Content starts

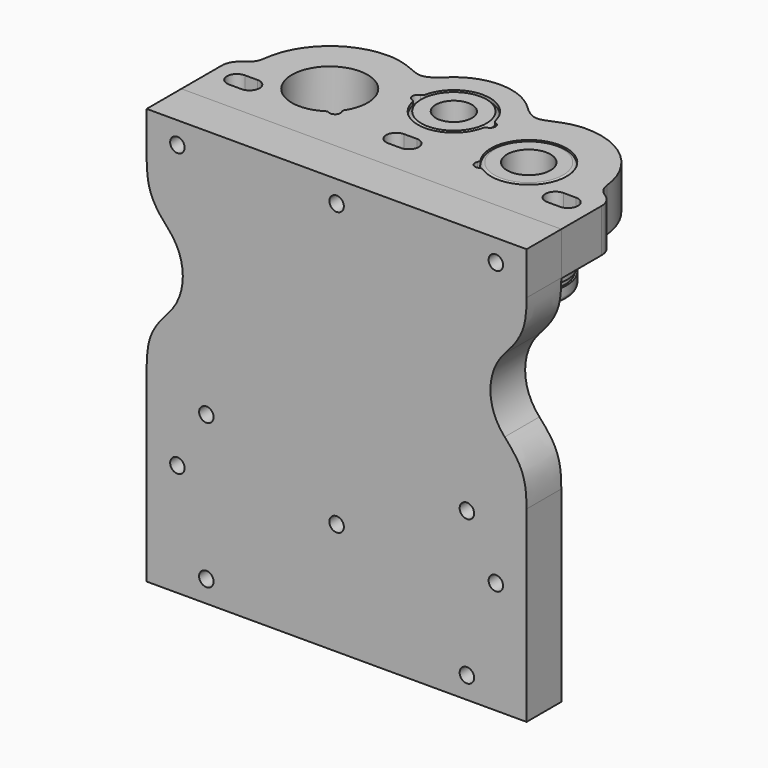
from build123d import *

# Parameters (mm, degrees)
F0_W         = 105
F0_H         = 90
F1_DEPTH     = 12
F3_DEPTH     = 12
F4_R         = 5
F5_R         = 10.5
F5_R_2       = 6
F6_DEPTH     = 30
F8_START     = -3.5
F7_R         = 13.9480454754
F7_R_2       = 10
F8_DEPTH     = 1.3
F10_START    = -3.5
F9_R         = 14.6955703702
F9_R_2       = 10
F10_DEPTH    = 1.3
F11_R        = 1
F12_W        = 105
F12_H        = 25
F13_DEPTH    = 12
F14_R        = 10
F14_R_2      = 5
F15_DEPTH    = 25
F16_R        = 2
F17_DEPTH    = 25
F18_SIZE     = 1
F19_R        = 15
F20_DEPTH    = 25
F21_T1_DEPTH = 69.741647668


# Not quite as in the source:
# - a fillet or chamfer that OpenCascade refuses, or shapes differently, is made with other operations: its cross-section is extruded or revolved along the edge and cut away or added


with BuildPart() as f1:
    # F0 (on Front) → F1 (new body)
    with BuildSketch(Plane.XZ):
        with Locations((0, 45)):
            Rectangle(F0_W, F0_H)
    extrude(amount=-F1_DEPTH)

    # F12 (on face) → F13 (join, through all)
    with BuildSketch(Plane.XZ):
        with Locations((0, -12.5)):
            Rectangle(F12_W, F12_H)
    extrude(amount=-F13_DEPTH)


with BuildPart() as f3:
    # F2 (on face) → F3 (new body)
    with BuildSketch(Plane.XY.offset(90)):
        with BuildLine():
            Line((52.5, 28.5), (47.4999980907, 32))
            ThreePointArc((47.4999980907, 32), (41.6421337144, 46.1421356237), (27.4999980907, 52))
            add(Edge.make_bspline(
                [(11.1242977306, 52), (13.1569224157, 50.0337806808), (16.8978786945, 47.5177026437), (21.9085912172, 52), (27.4999980907, 52)],
                knots=[0, 0, 0, 0, 0.4241441638, 1, 1, 1, 1], degree=3))
            ThreePointArc((11.1242977306, 52), (0, 56.5), (-11.1242977306, 52))
            add(Edge.make_bspline(
                [(-11.1242977306, 52), (-13.1569224157, 50.0337806808), (-16.8978786945, 47.5177026437), (-21.9085912172, 52), (-27.4999980907, 52)],
                knots=[0, 0, 0, 0, 0.4241441638, 1, 1, 1, 1], degree=3))
            ThreePointArc((-27.4999980907, 52), (-41.6421337144, 46.1421356237), (-47.4999980907, 32))
            Line((-47.4999980907, 32), (-52.5, 28.5))
            Line((-52.5, 28.5), (-52.5, 12))
            Line((-52.5, 12), (-47.5, 12))
            Line((-47.5, 12), (47.5, 12))
            Line((47.5, 12), (52.5, 12))
            Line((52.5, 12), (52.5, 28.5))
        make_face()
        with BuildLine():
            Line((-45.75, 25.5), (-42.25, 25.5))
            ThreePointArc((-42.25, 25.5), (-39.5, 22.75), (-42.25, 20))
            Line((-42.25, 20), (-45.75, 20))
            ThreePointArc((-45.75, 20), (-48.5, 22.75), (-45.75, 25.5))
        make_face(mode=Mode.SUBTRACT)
        with BuildLine():
            ThreePointArc((-20.7869945386, 23.2632266648), (-21.2971382344, 23.3755438907), (-21.794316347, 23.2153075842))
            ThreePointArc((-21.794316347, 23.2153075842), (-34.9069416236, 39.4069435329), (-18.7153056748, 26.2943182564))
            ThreePointArc((-18.7153056748, 26.2943182564), (-18.8755419814, 25.7971401438), (-18.7632247555, 25.286996448))
            ThreePointArc((-18.7632247555, 25.286996448), (-19.0323943859, 23.5323962953), (-20.7869945386, 23.2632266648))
        make_face(mode=Mode.SUBTRACT)
        with BuildLine():
            ThreePointArc((-1.75, 20), (-4.5, 22.75), (-1.75, 25.5))
            Line((-1.75, 25.5), (1.75, 25.5))
            ThreePointArc((1.75, 25.5), (4.5, 22.75), (1.75, 20))
            Line((1.75, 20), (-1.75, 20))
        make_face(mode=Mode.SUBTRACT)
        with BuildLine():
            ThreePointArc((42.25, 20), (39.5, 22.75), (42.25, 25.5))
            Line((42.25, 25.5), (45.75, 25.5))
            ThreePointArc((45.75, 25.5), (48.5, 22.75), (45.75, 20))
            Line((45.75, 20), (42.25, 20))
        make_face(mode=Mode.SUBTRACT)
        with BuildLine():
            ThreePointArc((18.7153056748, 26.2943182564), (34.9069416236, 39.4069435329), (21.794316347, 23.2153075842))
            ThreePointArc((21.794316347, 23.2153075842), (21.2971382344, 23.3755438907), (20.7869945386, 23.2632266648))
            ThreePointArc((20.7869945386, 23.2632266648), (19.0323943859, 23.5323962953), (18.7632247555, 25.286996448))
            ThreePointArc((18.7632247555, 25.286996448), (18.8755419814, 25.7971401438), (18.7153056748, 26.2943182564))
        make_face(mode=Mode.SUBTRACT)
        with BuildLine():
            ThreePointArc((9.7358200456, 38.3287254802), (0, 30.525), (-9.7358200456, 38.3287254802))
            ThreePointArc((-9.7358200456, 38.3287254802), (-9.9771083652, 38.7894094573), (-10.4171052632, 39.0666323095))
            ThreePointArc((-10.4171052632, 39.0666323095), (-11.475, 40.5), (-10.4171052632, 41.9333676905))
            ThreePointArc((-10.4171052632, 41.9333676905), (-9.9771083652, 42.2105905427), (-9.7358200456, 42.6712745198))
            ThreePointArc((-9.7358200456, 42.6712745198), (0, 50.475), (9.7358200456, 42.6712745198))
            ThreePointArc((9.7358200456, 42.6712745198), (9.9771083652, 42.2105905427), (10.4171052632, 41.9333676905))
            ThreePointArc((10.4171052632, 41.9333676905), (11.475, 40.5), (10.4171052632, 39.0666323095))
            ThreePointArc((10.4171052632, 39.0666323095), (9.9771083652, 38.7894094573), (9.7358200456, 38.3287254802))
        make_face(mode=Mode.SUBTRACT)
    extrude(amount=-F3_DEPTH)

    # F4
    f4_edges = [f3.edges().sort_by_distance(p)[0] for p in [
        (-47.499998, 32, 84),
        (-52.5, 28.5, 84),
        (47.499998, 32, 84),
        (52.5, 28.5, 84),
    ]]
    fillet(f4_edges, radius=F4_R)


with BuildPart() as f6:
    # F5 (on face) → F6 (new body)
    with BuildSketch(Plane.XY.offset(90)):
        with Locations((27.4999980907, 32)):
            Circle(F5_R)
        with Locations((27.4999980907, 32)):
            Circle(F5_R_2, mode=Mode.SUBTRACT)
    extrude(amount=-F6_DEPTH)

    # F7 (on face) → F8 (cut)
    with BuildSketch(Plane.XY.offset(90).offset(F8_START)):
        with Locations((27.4999980907, 32)):
            Circle(F7_R)
        with Locations((27.4999980907, 32)):
            Circle(F7_R_2, mode=Mode.SUBTRACT)
    extrude(amount=-F8_DEPTH, mode=Mode.SUBTRACT)

    # F9 (on face) → F10 (cut)
    with BuildSketch(Plane(origin=(0, 0, 60), x_dir=(1, 0, 0), z_dir=(0, 0, -1)).offset(F10_START)):
        with Locations((27.4999980907, -32)):
            Circle(F9_R)
        with Locations((27.4999980907, -32)):
            Circle(F9_R_2, mode=Mode.SUBTRACT)
    extrude(amount=-F10_DEPTH, mode=Mode.SUBTRACT)

    # F11
    f11_edges = [f6.edges().sort_by_distance(p)[0] for p in [
        (16.999998, 32, 90),
        (16.999998, 32, 60),
    ]]
    fillet(f11_edges, radius=F11_R)


with BuildPart() as f15:
    # F14 (on face) → F15 (new body)
    with BuildSketch(Plane.XY.offset(90)):
        with Locations((0, 40.5)):
            Circle(F14_R)
        with Locations((0, 40.5)):
            Circle(F14_R_2, mode=Mode.SUBTRACT)
    extrude(amount=-F15_DEPTH)

    # F18
    f18_edges = [f15.edges().sort_by_distance(p)[0] for p in [
        (-10, 40.5, 65),
        (-10, 40.5, 90),
    ]]
    chamfer(f18_edges, length=F18_SIZE)


with BuildPart() as f17_tool:
    # F16 (on face) → F17 (new body)
    with BuildSketch(Plane.XZ):
        with Locations((-44, 84)):
            Circle(F16_R)
        with Locations((44, 84)):
            Circle(F16_R)
        with Locations((0, 84)):
            Circle(F16_R)
        with Locations((44, 6)):
            Circle(F16_R)
        with Locations((0, 6)):
            Circle(F16_R)
        with Locations((-44, 6)):
            Circle(F16_R)
        with Locations((-36, -19)):
            Circle(F16_R)
        with Locations((36, -19)):
            Circle(F16_R)
        with Locations((36, 21)):
            Circle(F16_R)
        with Locations((-36, 21)):
            Circle(F16_R)
    extrude(amount=-F17_DEPTH)


with BuildPart() as f1_1:
    add(f1.part)

    # F17: cut by f17_tool
    add(f17_tool.part, mode=Mode.SUBTRACT)

    # F19 (on face) → F20 (cut)
    with BuildSketch(Plane.XZ):
        with Locations((-57.5, 52.5)):
            Circle(F19_R)
        with Locations((57.5, 52.5)):
            Circle(F19_R)
    extrude(amount=-F20_DEPTH, mode=Mode.SUBTRACT)

    # F21: fillet of radius 23 on 4 edges, made by hand

    # F21_s2 → F21_t1 (cut)
    with BuildSketch(Plane.XZ.offset(-40.870823834)):
        with BuildLine():
            add(Edge.make_bspline(
                [(-52.5, 78.1904651573), (-52.5, 69.2377272995), (-46.4473684211, 62.6409730884)],
                knots=[0, 0, 0, 1, 1, 1], degree=2, weights=[1, 1.5, 1]))
            ThreePointArc((-46.4473684211, 62.6409730884), (-49.2281156584, 65.0130303859), (-52.5, 66.6421356237))
            Line((-52.5, 66.6421356237), (-52.5, 78.1904651573))
        make_face()
        with BuildLine():
            add(Edge.make_bspline(
                [(-52.5, 26.8095348427), (-52.5, 35.7622727005), (-46.4473684211, 42.3590269116)],
                knots=[0, 0, 0, 1, 1, 1], degree=2, weights=[1, 1.5, 1]))
            ThreePointArc((-46.4473684211, 42.3590269116), (-49.2281156584, 39.9869696141), (-52.5, 38.3578643763))
            Line((-52.5, 38.3578643763), (-52.5, 26.8095348427))
        make_face()
        with BuildLine():
            add(Edge.make_bspline(
                [(52.5, 78.1904651573), (52.5, 69.2377272995), (46.4473684211, 62.6409730884)],
                knots=[0, 0, 0, 1, 1, 1], degree=2, weights=[1, 1.5, 1]))
            ThreePointArc((46.4473684211, 62.6409730884), (49.2281156584, 65.0130303859), (52.5, 66.6421356237))
            Line((52.5, 66.6421356237), (52.5, 78.1904651573))
        make_face()
        with BuildLine():
            add(Edge.make_bspline(
                [(46.4473684211, 42.3590269116), (52.5, 35.7622727005), (52.5, 26.8095348427)],
                knots=[0, 0, 0, 1, 1, 1], degree=2, weights=[1, 1.5, 1]))
            Line((52.5, 26.8095348427), (52.5, 38.3578643763))
            ThreePointArc((52.5, 38.3578643763), (49.2281156584, 39.9869696141), (46.4473684211, 42.3590269116))
        make_face()
    extrude(amount=F21_T1_DEPTH, mode=Mode.SUBTRACT)


with BuildPart() as f3_1:
    add(f3.part)

    # F17: cut by f17_tool
    add(f17_tool.part, mode=Mode.SUBTRACT)


solid = Compound([f6.part, f15.part, f1_1.part, f3_1.part])

Content ends

**Exercise directions**
Take the lines from the first line of the entries through the line with "extrude(amount=-F13_DEPTH)", inclusive, and give them again exactly, minus any pictures.

**Answer below**
from build123d import *

# Parameters (mm, degrees)
F0_W         = 105
F0_H         = 90
F1_DEPTH     = 12
F3_DEPTH     = 12
F4_R         = 5
F5_R         = 10.5
F5_R_2       = 6
F6_DEPTH     = 30
F8_START     = -3.5
F7_R         = 13.9480454754
F7_R_2       = 10
F8_DEPTH     = 1.3
F10_START    = -3.5
F9_R         = 14.6955703702
F9_R_2       = 10
F10_DEPTH    = 1.3
F11_R        = 1
F12_W        = 105
F12_H        = 25
F13_DEPTH    = 12
F14_R        = 10
F14_R_2      = 5
F15_DEPTH    = 25
F16_R        = 2
F17_DEPTH    = 25
F18_SIZE     = 1
F19_R        = 15
F20_DEPTH    = 25
F21_T1_DEPTH = 69.741647668


# Not quite as in the source:
# - a fillet or chamfer that OpenCascade refuses, or shapes differently, is made with other operations: its cross-section is extruded or revolved along the edge and cut away or added


with BuildPart() as f1:
    # F0 (on Front) → F1 (new body)
    with BuildSketch(Plane.XZ):
        with Locations((0, 45)):
            Rectangle(F0_W, F0_H)
    extrude(amount=-F1_DEPTH)

    # F12 (on face) → F13 (join, through all)
    with BuildSketch(Plane.XZ):
        with Locations((0, -12.5)):
            Rectangle(F12_W, F12_H)
    extrude(amount=-F13_DEPTH)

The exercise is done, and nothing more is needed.